Metadata-Version: 2.4
Name: commcp
Version: 1.0.0
Summary: Conformal Model Moderation & Human-in-the-Loop Routing Python Library
Author: Raghottam Nadgoudar
License: MIT
Classifier: Programming Language :: Python :: 3
Classifier: License :: OSI Approved :: MIT License
Classifier: Operating System :: OS Independent
Classifier: Intended Audience :: Science/Research
Classifier: Intended Audience :: Developers
Classifier: Topic :: Scientific/Engineering :: Artificial Intelligence
Requires-Python: >=3.8
Description-Content-Type: text/markdown
License-File: LICENSE
Requires-Dist: numpy>=1.20.0
Requires-Dist: scikit-learn>=1.0.0
Requires-Dist: openai>=1.0.0
Dynamic: license-file

# commCP 🛡️
[![License: MIT](https://img.shields.io/badge/License-MIT-yellow.svg)](https://opensource.org/licenses/MIT)

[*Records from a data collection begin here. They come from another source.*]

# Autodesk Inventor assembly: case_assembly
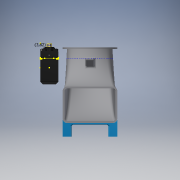
[picture p0: Inventor's stored thumbnail of the model, 180x180]
Saved by Autodesk Inventor 2019 (Build 230136000, 136)
## iProperties
Created: 2019-01-02
Part Number: case_assembly
Document SubType Name: Assembly
Designer: jmc
Author: jmc
## Documents named in this file (18)
- C:\Users\l0086\Desktop\Models\CatFeeder\version2 (fixed enclosure)\version2_newcone.iam
- C:\Users\l0086\Desktop\Models\CatFeeder\Case\version2\case.ipt
- C:\Users\l0086\Desktop\Models\3party\Boards\ArduinoNano\arduino nano.iam
- C:\Users\l0086\Desktop\Models\3party\Boards\Raspberry Pi 3\Raspberry Pi 3.ipt
- C:\Users\l0086\Desktop\Models\3party\Trasformer\Transformer.ipt
- C:\Users\l0086\Desktop\Models\CatFeeder\Case\version2\case_top.ipt
- C:\Users\l0086\Desktop\Models\CatFeeder\Case\version2\case_bottom.ipt
- C:\Users\l0086\Desktop\Models\CatFeeder\Case\version2\Pata.ipt
- C:\Users\l0086\Desktop\Models\CatFeeder\Case\version2\pata_macho.ipt
- C:\Users\l0086\Desktop\Models\CatFeeder\JarCone\version2\cono_nuevo.ipt
- C:\Users\l0086\Desktop\Models\CatFeeder\JarCone\version2\adaptador_cono.ipt
- C:\Users\l0086\Desktop\Models\CatFeeder\Jar\Jar.ipt
- C:\Users\l0086\Desktop\Models\3party\Servos\MG995.ipt
- C:\Users\l0086\Desktop\Models\CatFeeder\Trap\version2\trapdoor_servo.ipt
- C:\Users\l0086\Desktop\Models\CatFeeder\Ramp\version2\ramp.ipt
- C:\Users\l0086\Desktop\Models\CatFeeder\Ramp\version2\ramp_adapter.ipt
- C:\Users\l0086\Desktop\Models\CatFeeder\ServoHolder\version2\servo_holder.ipt
- C:\Users\l0086\Desktop\Models\CatFeeder\Ramp\version2\ramp_holder.ipt
## Components (23 placed, 17 different names)
1. servo_holder:1 — Flush:19
2. case:1
3. case_top:1 — Rigid:15, Rigid:16
4. adaptador_cono:1 — Rotational:6, Rigid:16, Rigid:18
5. case_bottom:1 — Rigid:1, Rigid:3, Rigid:4, Flush:1, Rotational:1, Rigid:6, Rigid:7, Rigid:8, Rigid:15, Flush:12, Flush:17, Flush:18, Mate:1
6. trapdoor_servo:1 — Rotational:6, Rotational:7
7. MG995:1 — Rotational:7, Flush:19, Flush:20
8. Jar:1 — Rigid:17
9. cono_nuevo:1 — Rigid:17, Rigid:18
10. arduino nano:1 [sub-assembly] — Rigid:4
11. Raspberry Pi 3:1 — Rigid:1
12. Transformer:1 — Rigid:3
13. pata_macho:4 — Rotational:5
14. pata_macho:3 — Rotational:3
15. pata_macho:2 — Rotational:4
16. pata_macho:1 — Rotational:2
17. Pata:1 — Flush:1, Rotational:1, Rotational:2
18. Pata:2 — Rigid:8, Rotational:5
19. Pata:3 — Rigid:7, Rotational:3
20. Pata:4 — Rigid:6, Rotational:4
21. ramp_adapter:1 — Flush:17
22. ramp:1 — Flush:12, Flush:18, Mate:1, Flush:20
23. ramp_holder:1
## Relationships (24: WeldJoint 10, RevoluteJoint 7, Flush 6, Mate 1)
- Rigid:1 [WeldJoint]: case_bottom:1 ↔ Raspberry Pi 3:1
- Rigid:3 [WeldJoint]: case_bottom:1 ↔ Transformer:1
- Rigid:4 [WeldJoint]: case_bottom:1 ↔ arduino nano:1
- Flush:1: case_bottom:1 ↔ Pata:1
- Rotational:1 [RevoluteJoint]: case_bottom:1 ↔ Pata:1
- Rigid:6 [WeldJoint]: case_bottom:1 ↔ Pata:4
- Rigid:7 [WeldJoint]: case_bottom:1 ↔ Pata:3
- Rigid:8 [WeldJoint]: case_bottom:1 ↔ Pata:2
- Rotational:2 [RevoluteJoint]: pata_macho:1 ↔ Pata:1
- Rotational:3 [RevoluteJoint]: pata_macho:3 ↔ Pata:3
- Rotational:4 [RevoluteJoint]: pata_macho:2 ↔ Pata:4
- Rotational:5 [RevoluteJoint]: pata_macho:4 ↔ Pata:2
- Rigid:15 [WeldJoint]: case_top:1 ↔ case_bottom:1
- Rotational:6 [RevoluteJoint] (0.4 mm): adaptador_cono:1 ↔ trapdoor_servo:1
- Rotational:7 [RevoluteJoint]: trapdoor_servo:1 ↔ MG995:1
- Flush:12: case_bottom:1 ↔ ramp:1
- Flush:17: case_bottom:1 ↔ ramp_adapter:1
- Rigid:16 [WeldJoint]: case_top:1 ↔ adaptador_cono:1
- Rigid:17 [WeldJoint]: Jar:1 ↔ cono_nuevo:1
- Rigid:18 [WeldJoint]: adaptador_cono:1 ↔ cono_nuevo:1
- Flush:18: case_bottom:1 ↔ ramp:1
- Mate:1: case_bottom:1 ↔ ramp:1
- Flush:19: servo_holder:1 ↔ MG995:1
- Flush:20: MG995:1 ↔ ramp:1
## Named parameters: HOLE_TOLERANCE = 0.15 mm, CASE_TOLERANCE = 0.08 mm

**commCP** (Conformal Model Moderation & Human-in-the-Loop Routing) is a post-training wrapper for binary classification estimators. It combines **Conformal Prediction** (to enforce statistical reliability guarantees) and **LLM Refereeing** to decide when a prediction can be auto-accepted vs. when it should be escalated for human review.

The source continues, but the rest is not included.